We know this particular group led by Torben Sondergaard well, for example, for his disregard for the health of others, violent exorcisms to 'purify' sinners, children and the mentally ill included. Former members have told us stories of TLR leaders and members using their positions of authority to intimidate followers to either comply or be silent when trying to expose this group.
Des Plaines residents have been voicing their concerns about the events on social media, just as Sondergaard sent his disciples to recruit followers. The Last Reformation cult has an Eventbrite page where it says the group will send members "out on the streets" in other states around the country:
This will be 3 amazing days with hands on training as we normally do at a Kickstart. Beside this amazing Kickstart where we talk about discipleship and we train people in obeying the call of Jesus to preach the Gospel, heal the sick, cast out demons, learn to be led by the Holy Spirit and we will be sending people out on the street but this Kickstart weekend is part of a much bigger set of Revival meetings that we will have 6 days leading up to it.
The group will travel to New Hampshire from August 14th to August 23rd, per Fox News.

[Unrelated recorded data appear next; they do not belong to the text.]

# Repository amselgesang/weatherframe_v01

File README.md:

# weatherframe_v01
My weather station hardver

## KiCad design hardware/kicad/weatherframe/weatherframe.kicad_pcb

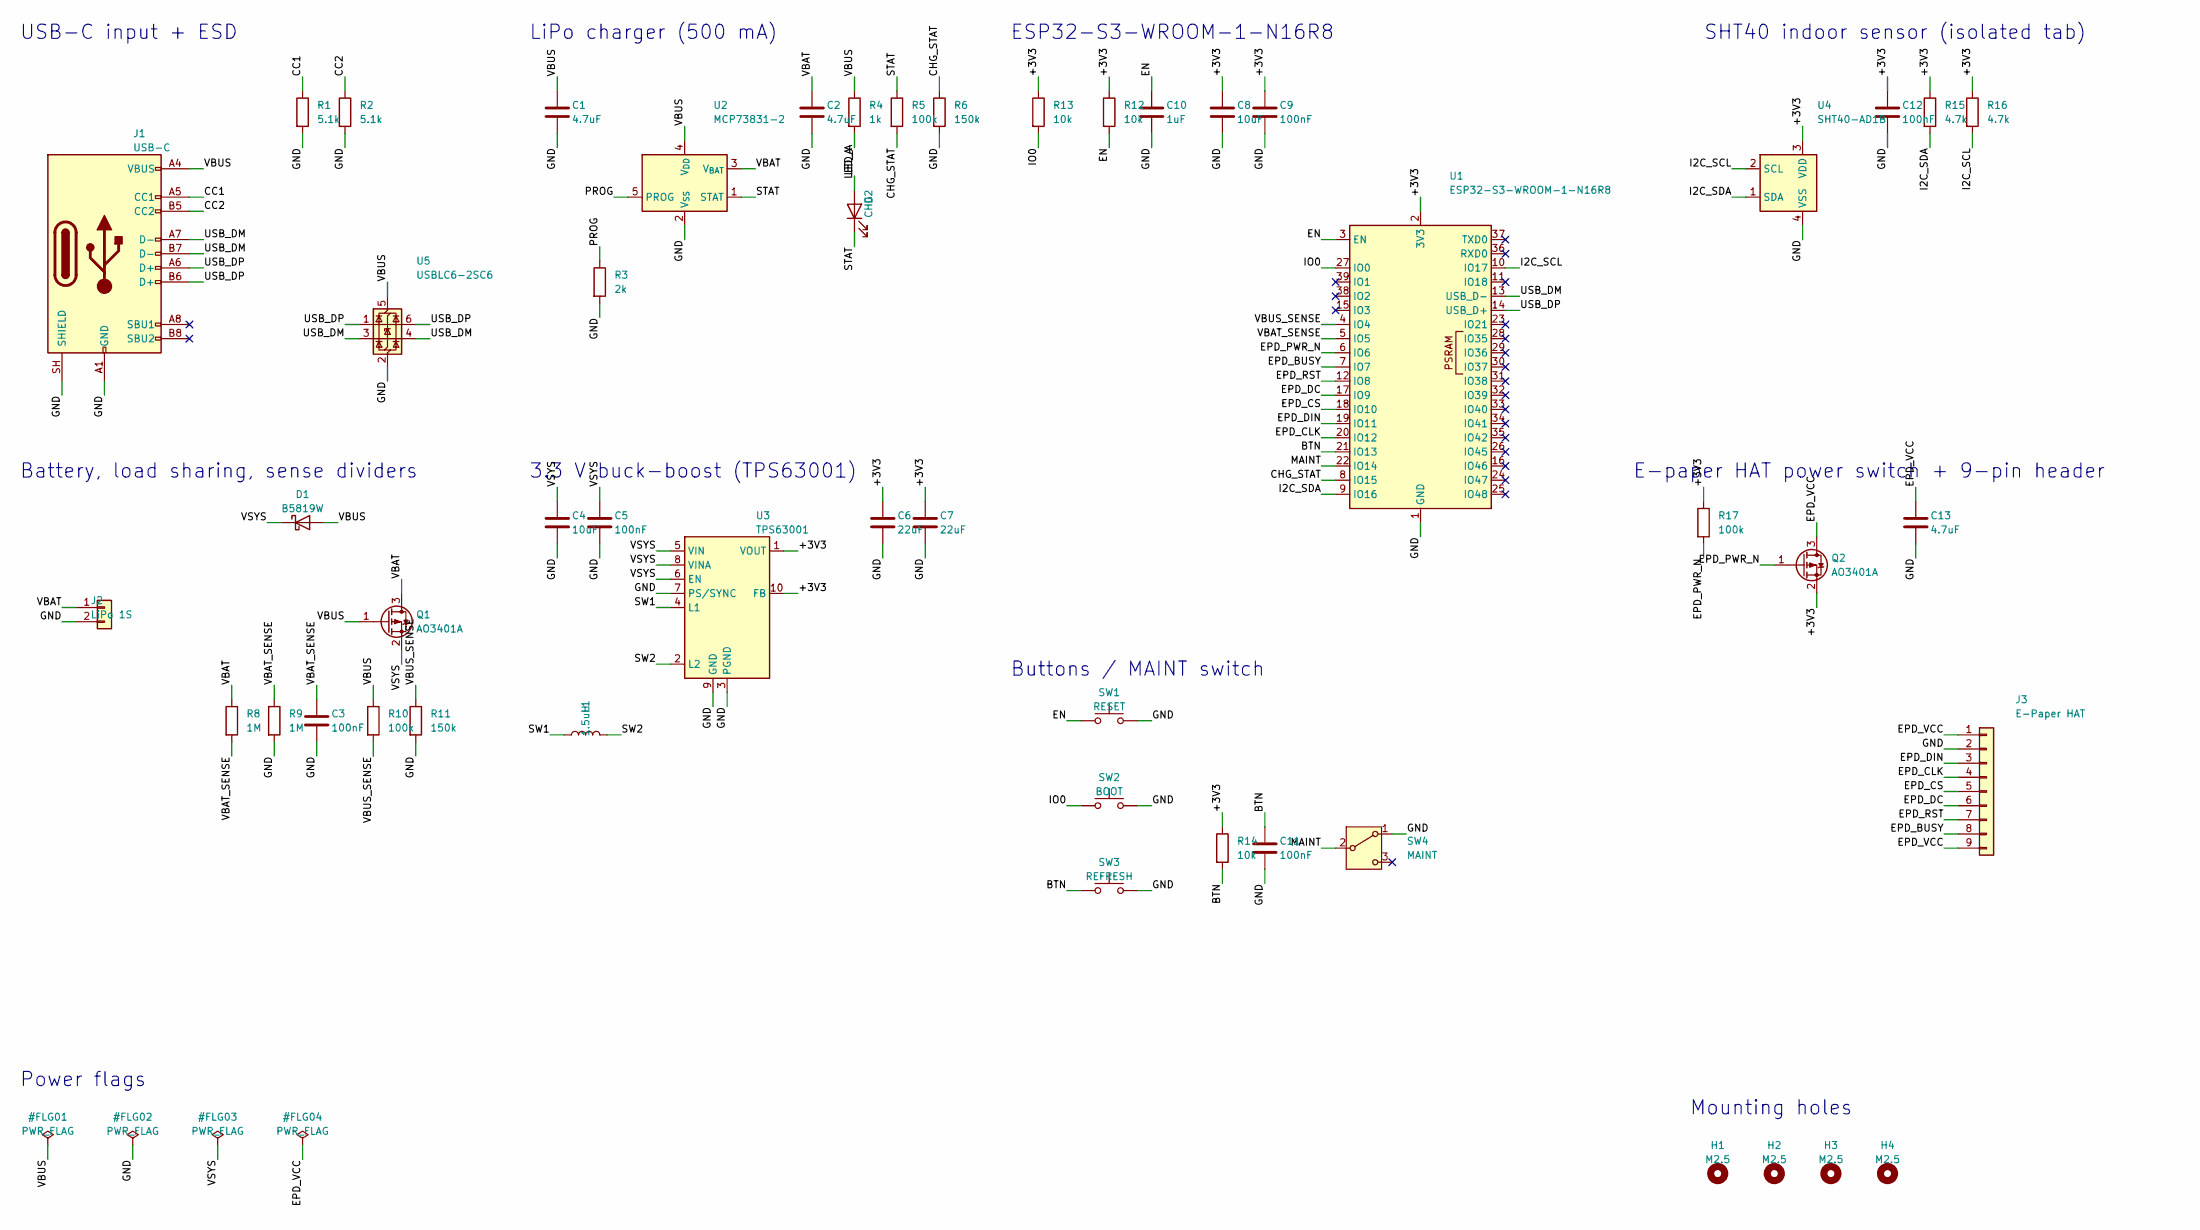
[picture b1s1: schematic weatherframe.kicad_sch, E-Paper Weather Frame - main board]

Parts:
C1, C2, C13: 4.7uF; C_0603_1608Metric; MPN 4.7uF; LCSC C19666
C3, C5, C9, C11, C12: 100nF; C_0402_1005Metric; MPN 100nF; LCSC C1525
C4: 10uF; C_0805_2012Metric; MPN 10uF; LCSC C15850
C6, C7: 22uF; C_0805_2012Metric; MPN 22uF; LCSC C45783
C8: 10uF; C_0603_1608Metric; MPN 10uF; LCSC C19702
C10: 1uF; C_0402_1005Metric; MPN 1uF; LCSC C52923
D1: B5819W; D_SOD-123; MPN B5819W; LCSC C8598
D2: CHG; LED_0603_1608Metric; MPN KT-0603R; LCSC C2286
H1, H2, H3, H4: M2.5; MountingHole_2.7mm_M2.5; MPN M2.5
J1: USB-C; USB_C_Receptacle_HRO_TYPE-C-31-M-12; MPN TYPE-C-31-M-12; LCSC C165948
J2: LiPo 1S; JST_PH_S2B-PH-SM4-TB_1x02-1MP_P2.00mm_Horizontal; MPN PH-2AWT (JST PH 2.0); LCSC C2763693
J3: E-Paper HAT; PinHeader_1x09_P2.54mm_Vertical; MPN 1x9 pin header 2.54 mm (hand-solder)
L1: 1.5uH; L_Changjiang_FNR4030S; MPN SWPA4030S1R5NT; LCSC C42100
Q1, Q2: AO3401A; SOT-23; MPN AO3401A; LCSC C15127
R1, R2: 5.1k; R_0402_1005Metric; MPN 5.1k; LCSC C25905
R3: 2k; R_0402_1005Metric; MPN 2k; LCSC C4109
R4: 1k; R_0402_1005Metric; MPN 1k; LCSC C11702
R5, R10, R17: 100k; R_0402_1005Metric; MPN 100k; LCSC C25741
R6, R11: 150k; R_0402_1005Metric; MPN 100k; LCSC C25755
R8, R9: 1M; R_0402_1005Metric; MPN 1M; LCSC C26083
R12, R13, R14: 10k; R_0402_1005Metric; MPN 10k; LCSC C25744
R15, R16: 4.7k; R_0402_1005Metric; MPN 4.7k; LCSC C25900
SW1: RESET; SW_Push_1P1T_XKB_TS-1187A; MPN TS-1187A-B-A-B; LCSC C318884
SW2: BOOT; SW_Push_1P1T_XKB_TS-1187A; MPN TS-1187A-B-A-B; LCSC C318884
SW3: REFRESH; SW_Push_1P1T_XKB_TS-1187A; MPN TS-1187A-B-A-B; LCSC C318884
SW4: MAINT; SW_SPDT_Shouhan_MSK12C02; MPN MSK12C02; LCSC C431540
U1: ESP32-S3-WROOM-1-N16R8; ESP32-S3-WROOM-1; MPN ESP32-S3-WROOM-1-N16R8; LCSC C2913202
U2: MCP73831-2; SOT-23-5; MPN MCP73831T-2ACI/OT; LCSC C424093
U3: TPS63001; Texas_DRC0010J; MPN TPS63001DRCR; LCSC C28060
U4: SHT40-AD1B; Sensirion_DFN-4_1.5x1.5mm_P0.8mm_SHT4x_NoCentralPad; MPN SHT40-AD1B-R2; LCSC C2909890
U5: USBLC6-2SC6; SOT-23-6; MPN USBLC6-2SC6; LCSC C7519

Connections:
+3V3: C6.1, C7.1, C8.1, C9.1, C12.1, Q2.2 (S), R12.1, R13.1, R14.1, R15.1, R16.1, R17.1, U1.2 (3V3), U3.1 (VOUT), U3.10 (FB), U4.3 (VDD)
BTN: C11.1, R14.2, SW3.1, U1.21 (IO13)
CC1: J1.A5 (CC1), R1.1
CC2: J1.B5 (CC2), R2.1
CHG_STAT: R5.2, R6.1, U1.8 (IO15)
EN: C10.1, R12.2, SW1.1, U1.3 (EN)
EPD_BUSY: J3.8, U1.7 (IO7)
EPD_CLK: J3.4, U1.20 (IO12)
EPD_CS: J3.5, U1.18 (IO10)
EPD_DC: J3.6, U1.17 (IO9)
EPD_DIN: J3.3, U1.19 (IO11)
EPD_PWR_N: Q2.1 (G), R17.2, U1.6 (IO6)
EPD_RST: J3.7, U1.12 (IO8)
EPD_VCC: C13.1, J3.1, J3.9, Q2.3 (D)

While anyone should be free to practice whatever religion he or she believes in, it's no secret that religious gatherings have been the source of major COVID-19 outbreaks. One of Korea's significant clusters started that way, and religious meetings in India allowed super spreading events to disseminate the virus. The CDC recently published a study that shows the high transmission risk of COVID-19 at large religious gatherings. The research shows that 35 people out of 92 who attended a church service in rural Arkansas in the early weeks of March were infected with COVID-19, and three people died.
Without abiding protection guidelines, Sondergaard's cult risks turning into another significant cluster and causing similar outbreaks in other parts of the country where he and his followers plan to travel next.